2
我已成功安裝Apache Spark,Hadoop,並通過Ubuntu 12.04(單機獨立模式)進行邏輯迴歸。還用小型csv數據集進行測試,但它不適用於具有269369行的大型數據集。OutOfMemoryError,而SparkR中的Logistic迴歸
library(SparkR)
sc <- sparkR.init()
iterations <- as.integer(11)
D <- 540
readPartition <- function(part){
part = strsplit(part, ",", fixed = T)
list(matrix(as.numeric(unlist(part)), ncol = length(part[[1]])))
}
w <- runif(n=D, min = -1, max = 1)
cat("Initial w: ", w, "\n")
# Compute logistic regression gradient for a matrix of data points
gradient <- function(partition) {
partition = partition[[1]]
Y <- partition[, 1] # point labels (first column of input file)

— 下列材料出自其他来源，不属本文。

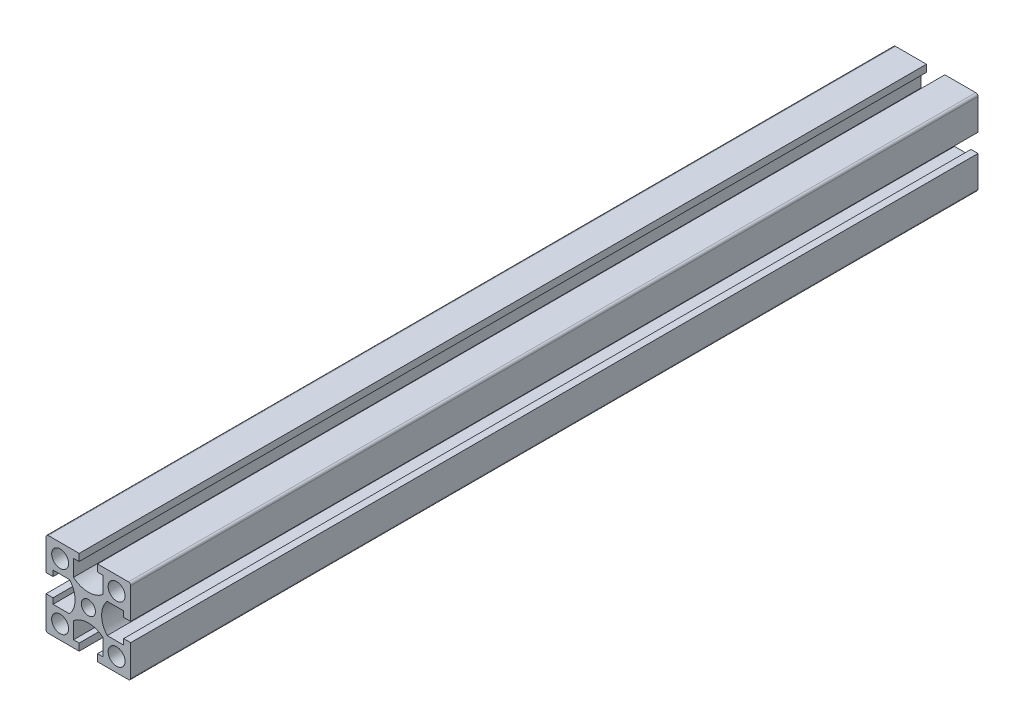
ISO-10303-21;
HEADER;
FILE_DESCRIPTION(('STEP AP214'),'2;1');
FILE_NAME('part.step','',(''),(''),'','','');
FILE_SCHEMA(('AUTOMOTIVE_DESIGN { 1 0 10303 214 1 1 1 1 }'));
ENDSEC;
DATA;
#1=APPLICATION_CONTEXT('core data for automotive mechanical design processes');
#2=APPLICATION_PROTOCOL_DEFINITION('international standard','automotive_design',2000,#1);
#3=PRODUCT_CONTEXT('',#1,'mechanical');
#4=PRODUCT('Part','Part','',(#3));
#5=PRODUCT_RELATED_PRODUCT_CATEGORY('part','',(#4));
#6=PRODUCT_DEFINITION_FORMATION('','',#4);
#7=PRODUCT_DEFINITION_CONTEXT('part definition',#1,'design');
#8=PRODUCT_DEFINITION('design','',#6,#7);
#9=PRODUCT_DEFINITION_SHAPE('','',#8);
#10=(LENGTH_UNIT() NAMED_UNIT(*) SI_UNIT(.MILLI.,.METRE.));
#11=(NAMED_UNIT(*) PLANE_ANGLE_UNIT() SI_UNIT($,.RADIAN.));
#12=(NAMED_UNIT(*) SI_UNIT($,.STERADIAN.) SOLID_ANGLE_UNIT());
#13=UNCERTAINTY_MEASURE_WITH_UNIT(LENGTH_MEASURE(1.E-05),#10,'distance_accuracy_value','');
#14=(GEOMETRIC_REPRESENTATION_CONTEXT(3) GLOBAL_UNCERTAINTY_ASSIGNED_CONTEXT((#13)) GLOBAL_UNIT_ASSIGNED_CONTEXT((#10,
#11,#12)) REPRESENTATION_CONTEXT('',''));
#15=CARTESIAN_POINT('',(0.,0.,0.));
#16=DIRECTION('',(0.,0.,1.));
#17=DIRECTION('',(1.,0.,0.));
#18=AXIS2_PLACEMENT_3D('',#15,#16,#17);
#19=CARTESIAN_POINT('',(-14.1999999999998,14.1999999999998,150.));
#20=DIRECTION('',(0.,0.,1.));
#21=DIRECTION('',(1.,0.,0.));
#22=AXIS2_PLACEMENT_3D('',#19,#20,#21);
#23=PLANE('',#22);
#24=CARTESIAN_POINT('',(-10.,10.,150.));
#25=DIRECTION('',(0.,0.,1.));
#26=DIRECTION('',(1.,0.,0.));
#27=AXIS2_PLACEMENT_3D('',#24,#25,#26);
#28=CIRCLE('',#27,3.);
#29=CARTESIAN_POINT('',(-7.,10.,150.));
#30=VERTEX_POINT('',#29);
#31=EDGE_CURVE('E661',#30,#30,#28,.T.);
#32=ORIENTED_EDGE('',*,*,#31,.F.);
#33=EDGE_LOOP('',(#32));
#34=FACE_BOUND('',#33,.T.);
#35=CARTESIAN_POINT('',(10.,10.,150.));
#36=DIRECTION('',(0.,0.,1.));
#37=DIRECTION('',(1.,0.,0.));
#38=AXIS2_PLACEMENT_3D('',#35,#36,#37);
#39=CIRCLE('',#38,3.);
#40=CARTESIAN_POINT('',(13.,10.,150.));
#41=VERTEX_POINT('',#40);
#42=EDGE_CURVE('E674',#41,#41,#39,.T.);
#43=ORIENTED_EDGE('',*,*,#42,.F.);
#44=EDGE_LOOP('',(#43));
#45=FACE_BOUND('',#44,.T.);
#46=CARTESIAN_POINT('',(-14.1999999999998,14.1999999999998,150.));
#47=DIRECTION('',(0.,0.,1.));
#48=DIRECTION('',(1.,0.,0.));
#49=AXIS2_PLACEMENT_3D('',#46,#47,#48);
#50=CIRCLE('',#49,0.800000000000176);
#51=CARTESIAN_POINT('',(-14.1999999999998,15.,150.));
#52=VERTEX_POINT('',#51);
#53=CARTESIAN_POINT('',(-15.,14.1999999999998,150.));
#54=VERTEX_POINT('',#53);
#55=EDGE_CURVE('E403',#52,#54,#50,.T.);
#56=ORIENTED_EDGE('',*,*,#55,.T.);
#57=DIRECTION('',(0.,-1.,0.));
#58=VECTOR('',#57,1.);
#59=CARTESIAN_POINT('',(-15.,14.1999999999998,150.));
#60=LINE('',#59,#58);
#61=CARTESIAN_POINT('',(-15.,3.25,150.));
#62=VERTEX_POINT('',#61);
#63=EDGE_CURVE('E191',#54,#62,#60,.T.);
#64=ORIENTED_EDGE('',*,*,#63,.T.);
#65=DIRECTION('',(1.,0.,0.));
#66=VECTOR('',#65,1.);
#67=CARTESIAN_POINT('',(-15.,3.25,150.));
#68=LINE('',#67,#66);
#69=CARTESIAN_POINT('',(-12.5,3.25,150.));
#70=VERTEX_POINT('',#69);
#71=EDGE_CURVE('E514',#62,#70,#68,.T.);
#72=ORIENTED_EDGE('',*,*,#71,.T.);
#73=DIRECTION('',(0.,1.,0.));
#74=VECTOR('',#73,1.);
#75=CARTESIAN_POINT('',(-12.5,3.25,150.));
#76=LINE('',#75,#74);
#77=CARTESIAN_POINT('',(-12.5,5.25,150.));
#78=VERTEX_POINT('',#77);
#79=EDGE_CURVE('E533',#70,#78,#76,.T.);
#80=ORIENTED_EDGE('',*,*,#79,.T.);
#81=DIRECTION('',(1.,0.,0.));
#82=VECTOR('',#81,1.);
#83=CARTESIAN_POINT('',(-12.5,5.25,150.));
#84=LINE('',#83,#82);
#85=CARTESIAN_POINT('',(-6.66365176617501,5.25,150.));
#86=VERTEX_POINT('',#85);
#87=EDGE_CURVE('E530',#78,#86,#84,.T.);
#88=ORIENTED_EDGE('',*,*,#87,.T.);
#89=CARTESIAN_POINT('',(-12.6999999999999,0.,150.));
#90=DIRECTION('',(0.,0.,-1.));
#91=DIRECTION('',(1.,0.,0.));
#92=AXIS2_PLACEMENT_3D('',#89,#90,#91);
#93=CIRCLE('',#92,8.00000000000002);
#94=CARTESIAN_POINT('',(-6.66365176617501,-5.25,150.));
#95=VERTEX_POINT('',#94);
#96=EDGE_CURVE('E532',#86,#95,#93,.T.);
#97=ORIENTED_EDGE('',*,*,#96,.T.);
#98=DIRECTION('',(-1.,0.,0.));
#99=VECTOR('',#98,1.);
#100=CARTESIAN_POINT('',(-6.66365176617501,-5.25,150.));
#101=LINE('',#100,#99);
#102=CARTESIAN_POINT('',(-12.5,-5.25,150.));
#103=VERTEX_POINT('',#102);
#104=EDGE_CURVE('E535',#95,#103,#101,.T.);
#105=ORIENTED_EDGE('',*,*,#104,.T.);
#106=DIRECTION('',(0.,1.,0.));
#107=VECTOR('',#106,1.);
#108=CARTESIAN_POINT('',(-12.5,-5.25,150.));
#109=LINE('',#108,#107);
#110=CARTESIAN_POINT('',(-12.5,-3.25,150.));
#111=VERTEX_POINT('',#110);
#112=EDGE_CURVE('E541',#103,#111,#109,.T.);
#113=ORIENTED_EDGE('',*,*,#112,.T.);
#114=DIRECTION('',(-1.,0.,0.));
#115=VECTOR('',#114,1.);
#116=CARTESIAN_POINT('',(-12.5,-3.25,150.));
#117=LINE('',#116,#115);
#118=CARTESIAN_POINT('',(-15.,-3.25,150.));
#119=VERTEX_POINT('',#118);
#120=EDGE_CURVE('E543',#111,#119,#117,.T.);
#121=ORIENTED_EDGE('',*,*,#120,.T.);
#122=DIRECTION('',(0.,-1.,0.));
#123=VECTOR('',#122,1.);
#124=CARTESIAN_POINT('',(-15.,-3.25,150.));
#125=LINE('',#124,#123);
#126=CARTESIAN_POINT('',(-15.,-14.2000000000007,150.));
#127=VERTEX_POINT('',#126);
#128=EDGE_CURVE('E545',#119,#127,#125,.T.);
#129=ORIENTED_EDGE('',*,*,#128,.T.);
#130=CARTESIAN_POINT('',(-14.2000000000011,-14.2000000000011,150.));
#131=DIRECTION('',(0.,0.,1.));
#132=DIRECTION('',(1.,0.,0.));
#133=AXIS2_PLACEMENT_3D('',#130,#131,#132);
#134=CIRCLE('',#133,0.799999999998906);
#135=CARTESIAN_POINT('',(-14.1999999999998,-15.,150.));
#136=VERTEX_POINT('',#135);
#137=EDGE_CURVE('E547',#127,#136,#134,.T.);
#138=ORIENTED_EDGE('',*,*,#137,.T.);
#139=DIRECTION('',(1.,0.,0.));
#140=VECTOR('',#139,1.);
#141=CARTESIAN_POINT('',(-14.1999999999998,-15.,150.));
#142=LINE('',#141,#140);
#143=CARTESIAN_POINT('',(-3.25,-15.,150.));
#144=VERTEX_POINT('',#143);
#145=EDGE_CURVE('E549',#136,#144,#142,.T.);
#146=ORIENTED_EDGE('',*,*,#145,.T.);
#147=DIRECTION('',(0.,1.,0.));
#148=VECTOR('',#147,1.);
#149=CARTESIAN_POINT('',(-3.25,-15.,150.));
#150=LINE('',#149,#148);
#151=CARTESIAN_POINT('',(-3.25,-12.5,150.));
#152=VERTEX_POINT('',#151);
#153=EDGE_CURVE('E551',#144,#152,#150,.T.);
#154=ORIENTED_EDGE('',*,*,#153,.T.);
#155=DIRECTION('',(-1.,0.,0.));
#156=VECTOR('',#155,1.);
#157=CARTESIAN_POINT('',(-3.25,-12.5,150.));
#158=LINE('',#157,#156);
#159=CARTESIAN_POINT('',(-5.25,-12.5,150.));
#160=VERTEX_POINT('',#159);
#161=EDGE_CURVE('E553',#152,#160,#158,.T.);
#162=ORIENTED_EDGE('',*,*,#161,.T.);
#163=DIRECTION('',(0.,1.,0.));
#164=VECTOR('',#163,1.);
#165=CARTESIAN_POINT('',(-5.25,-12.5,150.));
#166=LINE('',#165,#164);
#167=CARTESIAN_POINT('',(-5.25,-6.66365176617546,150.));
#168=VERTEX_POINT('',#167);
#169=EDGE_CURVE('E555',#160,#168,#166,.T.);
#170=ORIENTED_EDGE('',*,*,#169,.T.);
#171=CARTESIAN_POINT('',(0.,-12.7000000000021,150.));
#172=DIRECTION('',(0.,0.,-1.));
#173=DIRECTION('',(1.,0.,0.));
#174=AXIS2_PLACEMENT_3D('',#171,#172,#173);
#175=CIRCLE('',#174,8.00000000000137);
#176=CARTESIAN_POINT('',(5.25,-6.66365176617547,150.));
#177=VERTEX_POINT('',#176);
#178=EDGE_CURVE('E557',#168,#177,#175,.T.);
#179=ORIENTED_EDGE('',*,*,#178,.T.);
#180=DIRECTION('',(0.,-1.,0.));
#181=VECTOR('',#180,1.);
#182=CARTESIAN_POINT('',(5.25,-6.66365176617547,150.));
#183=LINE('',#182,#181);
#184=CARTESIAN_POINT('',(5.25,-12.5,150.));
#185=VERTEX_POINT('',#184);
#186=EDGE_CURVE('E559',#177,#185,#183,.T.);
#187=ORIENTED_EDGE('',*,*,#186,.T.);
#188=DIRECTION('',(-1.,0.,0.));
#189=VECTOR('',#188,1.);
#190=CARTESIAN_POINT('',(5.25,-12.5,150.));
#191=LINE('',#190,#189);
#192=CARTESIAN_POINT('',(3.25,-12.5,150.));
#193=VERTEX_POINT('',#192);
#194=EDGE_CURVE('E561',#185,#193,#191,.T.);
#195=ORIENTED_EDGE('',*,*,#194,.T.);
#196=DIRECTION('',(0.,-1.,0.));
#197=VECTOR('',#196,1.);
#198=CARTESIAN_POINT('',(3.25,-12.5,150.));
#199=LINE('',#198,#197);
#200=CARTESIAN_POINT('',(3.25,-15.,150.));
#201=VERTEX_POINT('',#200);
#202=EDGE_CURVE('E563',#193,#201,#199,.T.);
#203=ORIENTED_EDGE('',*,*,#202,.T.);
#204=DIRECTION('',(1.,0.,0.));
#205=VECTOR('',#204,1.);
#206=CARTESIAN_POINT('',(3.25,-15.,150.));
#207=LINE('',#206,#205);
#208=CARTESIAN_POINT('',(14.2000000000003,-15.,150.));
#209=VERTEX_POINT('',#208);
#210=EDGE_CURVE('E565',#201,#209,#207,.T.);
#211=ORIENTED_EDGE('',*,*,#210,.T.);
#212=CARTESIAN_POINT('',(14.2000000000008,-14.2000000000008,150.));
#213=DIRECTION('',(0.,0.,1.));
#214=DIRECTION('',(1.,0.,0.));
#215=AXIS2_PLACEMENT_3D('',#212,#213,#214);
#216=CIRCLE('',#215,0.799999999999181);
#217=CARTESIAN_POINT('',(15.,-14.1999999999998,150.));
#218=VERTEX_POINT('',#217);
#219=EDGE_CURVE('E567',#209,#218,#216,.T.);
#220=ORIENTED_EDGE('',*,*,#219,.T.);
#221=DIRECTION('',(0.,1.,0.));
#222=VECTOR('',#221,1.);
#223=CARTESIAN_POINT('',(15.,-14.1999999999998,150.));
#224=LINE('',#223,#222);
#225=CARTESIAN_POINT('',(15.,-3.25,150.));
#226=VERTEX_POINT('',#225);
#227=EDGE_CURVE('E569',#218,#226,#224,.T.);
#228=ORIENTED_EDGE('',*,*,#227,.T.);
#229=DIRECTION('',(-1.,0.,0.));
#230=VECTOR('',#229,1.);
#231=CARTESIAN_POINT('',(15.,-3.25,150.));
#232=LINE('',#231,#230);
#233=CARTESIAN_POINT('',(12.5,-3.25,150.));
#234=VERTEX_POINT('',#233);
#235=EDGE_CURVE('E571',#226,#234,#232,.T.);
#236=ORIENTED_EDGE('',*,*,#235,.T.);
#237=DIRECTION('',(0.,-1.,0.));
#238=VECTOR('',#237,1.);
#239=CARTESIAN_POINT('',(12.5,-3.25,150.));
#240=LINE('',#239,#238);
#241=CARTESIAN_POINT('',(12.5,-5.25,150.));
#242=VERTEX_POINT('',#241);
#243=EDGE_CURVE('E573',#234,#242,#240,.T.);
#244=ORIENTED_EDGE('',*,*,#243,.T.);
#245=DIRECTION('',(-1.,0.,0.));
#246=VECTOR('',#245,1.);
#247=CARTESIAN_POINT('',(12.5,-5.25,150.));
#248=LINE('',#247,#246);
#249=CARTESIAN_POINT('',(6.66365176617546,-5.25,150.));
#250=VERTEX_POINT('',#249);
#251=EDGE_CURVE('E575',#242,#250,#248,.T.);
#252=ORIENTED_EDGE('',*,*,#251,.T.);
#253=CARTESIAN_POINT('',(12.7000000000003,0.,150.));
#254=DIRECTION('',(0.,0.,-1.));
#255=DIRECTION('',(1.,0.,0.));
#256=AXIS2_PLACEMENT_3D('',#253,#254,#255);
#257=CIRCLE('',#256,8.00000000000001);
#258=CARTESIAN_POINT('',(6.66365176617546,5.25,150.));
#259=VERTEX_POINT('',#258);
#260=EDGE_CURVE('E577',#250,#259,#257,.T.);
#261=ORIENTED_EDGE('',*,*,#260,.T.);
#262=DIRECTION('',(1.,0.,0.));
#263=VECTOR('',#262,1.);
#264=CARTESIAN_POINT('',(6.66365176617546,5.25,150.));
#265=LINE('',#264,#263);
#266=CARTESIAN_POINT('',(12.5,5.25,150.));
#267=VERTEX_POINT('',#266);
#268=EDGE_CURVE('E579',#259,#267,#265,.T.);
#269=ORIENTED_EDGE('',*,*,#268,.T.);
#270=DIRECTION('',(0.,-1.,0.));
#271=VECTOR('',#270,1.);
#272=CARTESIAN_POINT('',(12.5,5.25,150.));
#273=LINE('',#272,#271);
#274=CARTESIAN_POINT('',(12.5,3.25,150.));
#275=VERTEX_POINT('',#274);
#276=EDGE_CURVE('E581',#267,#275,#273,.T.);
#277=ORIENTED_EDGE('',*,*,#276,.T.);
#278=DIRECTION('',(1.,0.,0.));
#279=VECTOR('',#278,1.);
#280=CARTESIAN_POINT('',(12.5,3.25,150.));
#281=LINE('',#280,#279);
#282=CARTESIAN_POINT('',(15.,3.25,150.));
#283=VERTEX_POINT('',#282);
#284=EDGE_CURVE('E583',#275,#283,#281,.T.);
#285=ORIENTED_EDGE('',*,*,#284,.T.);
#286=DIRECTION('',(0.,1.,0.));
#287=VECTOR('',#286,1.);
#288=CARTESIAN_POINT('',(15.,3.25,150.));
#289=LINE('',#288,#287);
#290=CARTESIAN_POINT('',(15.,14.1999999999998,150.));
#291=VERTEX_POINT('',#290);
#292=EDGE_CURVE('E585',#283,#291,#289,.T.);
#293=ORIENTED_EDGE('',*,*,#292,.T.);
#294=CARTESIAN_POINT('',(14.1999999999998,14.1999999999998,150.));
#295=DIRECTION('',(0.,0.,1.));
#296=DIRECTION('',(1.,0.,0.));
#297=AXIS2_PLACEMENT_3D('',#294,#295,#296);
#298=CIRCLE('',#297,0.800000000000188);
#299=CARTESIAN_POINT('',(14.1999999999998,15.,150.));
#300=VERTEX_POINT('',#299);
#301=EDGE_CURVE('E587',#291,#300,#298,.T.);
#302=ORIENTED_EDGE('',*,*,#301,.T.);
#303=DIRECTION('',(-1.,0.,0.));
#304=VECTOR('',#303,1.);
#305=CARTESIAN_POINT('',(14.1999999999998,15.,150.));
#306=LINE('',#305,#304);
#307=CARTESIAN_POINT('',(3.25,15.,150.));
#308=VERTEX_POINT('',#307);
#309=EDGE_CURVE('E589',#300,#308,#306,.T.);
#310=ORIENTED_EDGE('',*,*,#309,.T.);
#311=DIRECTION('',(0.,-1.,0.));
#312=VECTOR('',#311,1.);
#313=CARTESIAN_POINT('',(3.25,15.,150.));
#314=LINE('',#313,#312);
#315=CARTESIAN_POINT('',(3.25,12.5,150.));
#316=VERTEX_POINT('',#315);
#317=EDGE_CURVE('E591',#308,#316,#314,.T.);
#318=ORIENTED_EDGE('',*,*,#317,.T.);
#319=DIRECTION('',(1.,0.,0.));
#320=VECTOR('',#319,1.);
#321=CARTESIAN_POINT('',(3.25,12.5,150.));
#322=LINE('',#321,#320);
#323=CARTESIAN_POINT('',(5.25,12.5,150.));
#324=VERTEX_POINT('',#323);
#325=EDGE_CURVE('E593',#316,#324,#322,.T.);
#326=ORIENTED_EDGE('',*,*,#325,.T.);
#327=DIRECTION('',(0.,-1.,0.));
#328=VECTOR('',#327,1.);
#329=CARTESIAN_POINT('',(5.25,12.5,150.));
#330=LINE('',#329,#328);
#331=CARTESIAN_POINT('',(5.25,6.66365176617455,150.));
#332=VERTEX_POINT('',#331);
#333=EDGE_CURVE('E595',#324,#332,#330,.T.);
#334=ORIENTED_EDGE('',*,*,#333,.T.);
#335=CARTESIAN_POINT('',(0.,12.7000000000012,150.));
#336=DIRECTION('',(0.,0.,-1.));
#337=DIRECTION('',(1.,0.,0.));
#338=AXIS2_PLACEMENT_3D('',#335,#336,#337);
#339=CIRCLE('',#338,8.00000000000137);
#340=CARTESIAN_POINT('',(-5.25,6.66365176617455,150.));
#341=VERTEX_POINT('',#340);
#342=EDGE_CURVE('E597',#332,#341,#339,.T.);
#343=ORIENTED_EDGE('',*,*,#342,.T.);
#344=DIRECTION('',(0.,1.,0.));
#345=VECTOR('',#344,1.);
#346=CARTESIAN_POINT('',(-5.25,6.66365176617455,150.));
#347=LINE('',#346,#345);
#348=CARTESIAN_POINT('',(-5.25,12.5,150.));
#349=VERTEX_POINT('',#348);
#350=EDGE_CURVE('E306',#341,#349,#347,.T.);
#351=ORIENTED_EDGE('',*,*,#350,.T.);
#352=DIRECTION('',(1.,0.,0.));
#353=VECTOR('',#352,1.);
#354=CARTESIAN_POINT('',(-5.25,12.5,150.));
#355=LINE('',#354,#353);
#356=CARTESIAN_POINT('',(-3.25,12.5,150.));
#357=VERTEX_POINT('',#356);
#358=EDGE_CURVE('E300',#349,#357,#355,.T.);
#359=ORIENTED_EDGE('',*,*,#358,.T.);
#360=DIRECTION('',(0.,1.,0.));
#361=VECTOR('',#360,1.);
#362=CARTESIAN_POINT('',(-3.25,12.5,150.));
#363=LINE('',#362,#361);
#364=CARTESIAN_POINT('',(-3.25,15.,150.));
#365=VERTEX_POINT('',#364);
#366=EDGE_CURVE('E304',#357,#365,#363,.T.);
#367=ORIENTED_EDGE('',*,*,#366,.T.);
#368=DIRECTION('',(-1.,0.,0.));
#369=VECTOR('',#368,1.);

X <- partition[, -1] # point coordinates
# For each point (x, y), compute gradient function
#print(w)
dot <- X %*% w
logit <- 1/(1 + exp(-Y * dot))
grad <- t(X) %*% ((logit - 1) * Y)
list(grad)
}
for (i in 1:iterations) {
cat("On iteration ", i, "\n")
w <- w - reduce(lapplyPartition(points, gradient), "+")
}
> points <- cache(lapplyPartition(textFile(sc, "hdfs://localhost:54310/henry/cdata_mr.csv"), readPartition))
錯誤消息我:數據
14/10/07 01:47:16 INFO FileInputFormat: Total input paths to process : 1
14/10/07 01:47:28 WARN CacheManager: Not enough space to cache partition rdd_23_0 in memory! Free memory is 235841615 bytes.
14/10/07 01:47:42 WARN CacheManager: Not enough space to cache partition rdd_23_1 in memory! Free memory is 236015334 bytes.
14/10/07 01:47:55 WARN CacheManager: Not enough space to cache partition rdd_23_2 in memory! Free memory is 236015334 bytes.
14/10/07 01:48:10 WARN CacheManager: Not enough space to cache partition rdd_23_3 in memory! Free memory is 236015334 bytes.
14/10/07 01:48:29 ERROR Executor: Exception in task 0.0 in stage 13.0 (TID 17)
java.lang.OutOfMemoryError: Java heap space
at edu.berkeley.cs.amplab.sparkr.RRDD$$anon$2.read(RRDD.scala:144)
at edu.berkeley.cs.amplab.sparkr.RRDD$$anon$2.<init>(RRDD.scala:156)
at edu.berkeley.cs.amplab.sparkr.RRDD.compute(RRDD.scala:129)
at org.apache.spark.rdd.RDD.computeOrReadCheckpoint(RDD.scala:262)
at org.apache.spark.CacheManager.getOrCompute(CacheManager.scala:61)
at org.apache.spark.rdd.RDD.iterator(RDD.scala:227)
at edu.berkeley.cs.amplab.sparkr.RRDD.compute(RRDD.scala:120)
at org.apache.spark.rdd.RDD.computeOrReadCheckpoint(RDD.scala:262)
at org.apache.spark.rdd.RDD.iterator(RDD.scala:229)
at org.apache.spark.scheduler.ResultTask.runTask(ResultTask.scala:62)
at org.apache.spark.scheduler.Task.run(Task.scala:54)
at org.apache.spark.executor.Executor$TaskRunner.run(Executor.scala:177)
at java.util.concurrent.ThreadPoolExecutor.runWorker(ThreadPoolExecutor.java:1146)
at java.util.concurrent.ThreadPoolExecutor$Worker.run(ThreadPoolExecutor.java:615)
at java.lang.Thread.run(Thread.java:701)
14/10/07 01:48:29 ERROR ExecutorUncaughtExceptionHandler: Uncaught exception in thread Thread[Executor task launch worker-0,5,main]
尺寸(樣品):
data <- read.csv("/home/Henry/data.csv")
dim(data)
[1] 269369 541
我自己也嘗試舉辦了本地文件系統相同的csv文件,以及在HDFS上。我認爲它需要更多的Hadoop數據手冊來存儲大型數據集?如果是的話,我該如何設置Spark Hadoop集羣來擺脫這種情況。 (或者我做錯了什麼)
提示:我認爲增加Java和Spark堆空間將幫助我運行此操作。我嘗試了很多,但沒有成功。任何人都可以知道爲兩者增加堆空間的方式。